● **Given information**
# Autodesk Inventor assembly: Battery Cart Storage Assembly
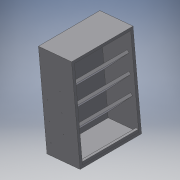
[picture p0: Inventor's stored thumbnail of the model, 180x180]
Saved by Autodesk Inventor 2018 (Build 220112000, 112)
## iProperties
Created: 2018-12-10
Part Number: Battery Cart Storage Assembly
Document SubType Name: Assembly
Designer: Gabriel
Author: Gabriel
## Documents named in this file (4)
- C:\Users\Gabriel\Documents\GitHub\2019CAD\Gab Battery Cart\Battery Cart Storage Assembly.iam
- C:\Users\Gabriel\Documents\GitHub\2019CAD\Gab Battery Cart\Cart Box.ipt
- C:\Users\Gabriel\Documents\GitHub\2019CAD\Gab Battery Cart\Cart Shelf.ipt
- C:\Users\Gabriel\Documents\GitHub\2019CAD\Gab Battery Cart\Bottom Bumper.ipt
## Components (5 placed, 3 different names)
1. Cart Box:1 — Mate:1, Mate:2, Mate:3, Mate:4, Mate:5, Mate:6, Mate:7
2. Cart Shelf:2 — Mate:4, Mate:5
3. Cart Shelf:3 — Mate:2, Mate:3
4. Bottom Bumper:1 — Mate:6, Mate:7
5. Cart Shelf:4 — Mate:1
## Relationships (7: Mate 7)
- Mate:1: Cart Box:1 ↔ Cart Shelf:4
- Mate:2: Cart Box:1 ↔ Cart Shelf:3
- Mate:3: Cart Box:1 ↔ Cart Shelf:3
- Mate:4: Cart Box:1 ↔ Cart Shelf:2
- Mate:5: Cart Box:1 ↔ Cart Shelf:2
- Mate:6: Cart Box:1 ↔ Bottom Bumper:1
- Mate:7: Cart Box:1 ↔ Bottom Bumper:1

● **The problem**
Retype exactly the lines of the data above that fall between the line with "[picture p0: Inventor's" and the line with "## Documents named in this file (4)", inclusive, and add nothing.

● **The completed task**
[picture p0: Inventor's stored thumbnail of the model, 180x180]
Saved by Autodesk Inventor 2018 (Build 220112000, 112)
## iProperties
Created: 2018-12-10
Part Number: Battery Cart Storage Assembly
Document SubType Name: Assembly
Designer: Gabriel
Author: Gabriel
## Documents named in this file (4)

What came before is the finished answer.